Zeitbewusstsein - Teil 2 
Vom Prozess zum Dauerzustand
Bewusst werden im Sinne von Erkennen von Zusammenhängen, Werte verinnerlichen und dem Kultivieren einer positiven Lebenseinstellung, geschieht nicht einfach so nebenbei.  Es ist ein mentales Geschehen, das, soll es Früchte tragen, angeschoben werden und in Gang gehalten werden muss. Das in Gang halten  allerdings ist es, das aus temporären Zuständen einen Dauerzustand werden lässt. Der Entschluss abzunehmen, um das persönliche Idealgewicht zu erreichen, kann aus ganz verschiedenen Impulsen heraus getroffen worden sein. Der Prozess des Abnehmens bedarf dann gezielter Maßnahmen wie die Ernährung umzustellen und für mehr Bewegung zu sorgen. Hat sich das gewünschte Gewicht eingestellt, habe ich mein Ziel erreicht. Ich freue mich darüber und bin motiviert. Dies ist ein momentaner Zustand. Die Natur der Zustände ist ihre begrenzte Dauer. Will ich den erreichten Zustand — mein  Idealgewicht — aufrechterhalten, also zum (neuen) Dauerzustand machen, muss ich die Maßnahmen, die mich zum Ziel geführt haben, aufrechterhalten. Tue ich das nicht und falle wieder in die zuvor geltenden Muster zurück, werde ich zunehmen und die alte Form zum neuen Status quo erheben.
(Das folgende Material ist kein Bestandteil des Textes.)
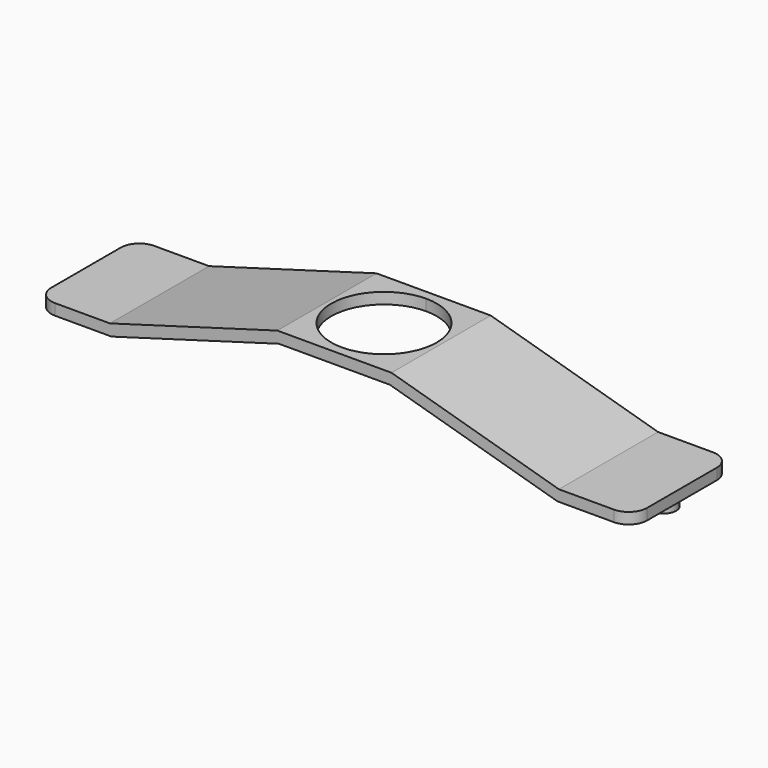
from build123d import *

# Parameters (mm, degrees)
F2_DEPTH = 16.75
F4_DEPTH = 16.001
F5_R     = 3.429
F6_R     = 3.429
F7_DEPTH = 3
F8_R     = 5
F9_R     = 5
F10_R    = 5
F11_R    = 5


with BuildPart() as f2:
    # F1 (on Front) → F2 (new body, symmetric)
    with BuildSketch(Plane.XZ):
        Polygon((-84.0640169114, 3), (-84.0640169114, 0), (-63.7959806109, 0), (-18.5640169114, 13), (11.4359830886, 13), (56.667946788, 0), (76.9359830886, 0), (76.9359830886, 3), (57.0905048336, 3), (11.8585411342, 16), (-18.986574957, 16), (-64.2185386565, 3), align=None)
    extrude(amount=F2_DEPTH, both=True)

    # F3 (on face) → F4 (cut, through all)
    with BuildSketch(Plane.XY.offset(16)):
        with BuildLine():
            ThreePointArc((-3.5640168758, -14.25), (6.5122547331, -10.0762716193), (10.6859830886, 0))
            ThreePointArc((10.6859830886, 0), (6.5122547205, 10.0762716319), (-3.5640169114, 14.25))
            ThreePointArc((-3.5640169114, 14.25), (-17.8140169114, -1.78e-08), (-3.5640168758, -14.25))
        make_face()
    extrude(amount=-F4_DEPTH, mode=Mode.SUBTRACT)

    # F5 (on face) + F6 (on face) → F7 (join)
    with BuildSketch(Plane(origin=(0, 0, 0), x_dir=(1, 0, 0), z_dir=(0, 0, -1))):
        with Locations((-79.0640169114, 0)):
            Circle(F5_R)
    with BuildSketch(Plane(origin=(0, 0, 0), x_dir=(1, 0, 0), z_dir=(0, 0, -1))):
        with Locations((71.9359830886, 0)):
            Circle(F6_R)
    extrude(amount=F7_DEPTH)

    # F8
    f8_edges = [f2.edges().sort_by_distance(p)[0] for p in [
        (-84.064017, -16.75, 1.5),
    ]]
    fillet(f8_edges, radius=F8_R)

    # F9
    f9_edges = [f2.edges().sort_by_distance(p)[0] for p in [
        (-84.064017, 16.75, 1.5),
    ]]
    fillet(f9_edges, radius=F9_R)

    # F10
    f10_edges = [f2.edges().sort_by_distance(p)[0] for p in [
        (76.935983, -16.75, 1.5),
    ]]
    fillet(f10_edges, radius=F10_R)

    # F11
    f11_edges = [f2.edges().sort_by_distance(p)[0] for p in [
        (76.935983, 16.75, 1.5),
    ]]
    fillet(f11_edges, radius=F11_R)


solid = f2.part

Die Natur der Zustände ist ihre begrenzte Dauer.

Wacher Geist
Diese Gesetzmäßigkeit, die für unseren Körper gilt, gilt ebenso für unseren Geist. So wie ich meinen Körper trainieren und kultivieren kann, kann ich auch meinem Geist trainieren und kultivieren. Das Interessante daran ist, dass ich das eine nicht vom anderen trennen kann. Ich werde nicht abnehmen, wenn ich mich nicht vorher geistig damit beschäftigt habe. Es gilt also zuvorderst den Geist aufzuwecken und ihn dann wachzuhalten. Nur der wache Geist kann erkennen. Und nur der erkennende Geist kann verändern. So ist ein wacher, erkennender Geist auch ein bewusster Geist. Der wache, erkennende und bewusste Geist sorgt dafür, sich selbst zu pflegen: er wird Gutes (Freundschaft, Harmonie, Stille, …) suchen und Schlechtes (Feindschaft, Gewalt, Lärm, …) meiden. So beginnen die oben genannten Aspekte — Erkennen von Zusammenhängen, Verinnerlichen von Werten, positive Einstellung zum Leben — zu wirken. Aus bewusst werden wird bewusst sein. Bewusst sein als angestrebter Dauerzustand ist quasi der mentale Ackerboden, den ich bestelle und in den ich die Samen für mein spirituelles Wachstum sähe.  
Bewusstsein als spirituelles Ideal gesehen, sollte auf Dauer umfassend sein, also alle Lebensbereiche einschließen. Meistens jedoch ist unser Bewusstsein eher partiell und je nach Naturell und Konditionierung unterschiedlich ausgeprägt. So sind wir zum Beispiel im Lebensbereich Ernährung vielleicht sehr bewusst, haben aber was unsere soziale Kompetenz angeht, unbewusste Defizite. 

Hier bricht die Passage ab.